What the task requires:
After locating the line with "Initial_SOC = 50" in the records below, print it and every line after it exactly.

Record extracts:
-*-

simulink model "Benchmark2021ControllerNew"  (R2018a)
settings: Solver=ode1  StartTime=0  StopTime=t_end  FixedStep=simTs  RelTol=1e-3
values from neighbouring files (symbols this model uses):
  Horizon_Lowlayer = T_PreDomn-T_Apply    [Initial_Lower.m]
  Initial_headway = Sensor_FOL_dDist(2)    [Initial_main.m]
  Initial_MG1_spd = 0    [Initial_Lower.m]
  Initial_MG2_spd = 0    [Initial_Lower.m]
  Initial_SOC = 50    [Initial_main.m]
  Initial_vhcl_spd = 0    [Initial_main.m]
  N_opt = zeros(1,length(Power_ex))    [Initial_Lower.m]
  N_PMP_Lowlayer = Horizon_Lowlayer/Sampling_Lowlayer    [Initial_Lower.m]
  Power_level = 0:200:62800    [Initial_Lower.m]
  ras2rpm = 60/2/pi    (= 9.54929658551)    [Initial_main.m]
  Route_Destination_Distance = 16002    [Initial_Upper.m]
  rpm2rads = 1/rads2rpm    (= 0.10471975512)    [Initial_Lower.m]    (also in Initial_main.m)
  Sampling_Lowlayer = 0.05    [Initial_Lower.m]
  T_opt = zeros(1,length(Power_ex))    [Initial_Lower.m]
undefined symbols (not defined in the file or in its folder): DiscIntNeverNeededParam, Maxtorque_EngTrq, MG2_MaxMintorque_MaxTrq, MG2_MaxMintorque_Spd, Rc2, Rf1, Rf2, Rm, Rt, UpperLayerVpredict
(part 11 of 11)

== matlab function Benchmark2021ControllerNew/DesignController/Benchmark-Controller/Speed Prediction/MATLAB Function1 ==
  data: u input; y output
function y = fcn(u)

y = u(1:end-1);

-*-

Exercise answer:
  Initial_SOC = 50    [Initial_main.m]
  Initial_vhcl_spd = 0    [Initial_main.m]
  N_opt = zeros(1,length(Power_ex))    [Initial_Lower.m]
  N_PMP_Lowlayer = Horizon_Lowlayer/Sampling_Lowlayer    [Initial_Lower.m]
  Power_level = 0:200:62800    [Initial_Lower.m]
  ras2rpm = 60/2/pi    (= 9.54929658551)    [Initial_main.m]
  Route_Destination_Distance = 16002    [Initial_Upper.m]
  rpm2rads = 1/rads2rpm    (= 0.10471975512)    [Initial_Lower.m]    (also in Initial_main.m)
  Sampling_Lowlayer = 0.05    [Initial_Lower.m]
  T_opt = zeros(1,length(Power_ex))    [Initial_Lower.m]
undefined symbols (not defined in the file or in its folder): DiscIntNeverNeededParam, Maxtorque_EngTrq, MG2_MaxMintorque_MaxTrq, MG2_MaxMintorque_Spd, Rc2, Rf1, Rf2, Rm, Rt, UpperLayerVpredict
(part 11 of 11)

== matlab function Benchmark2021ControllerNew/DesignController/Benchmark-Controller/Speed Prediction/MATLAB Function1 ==
  data: u input; y output
function y = fcn(u)

y = u(1:end-1);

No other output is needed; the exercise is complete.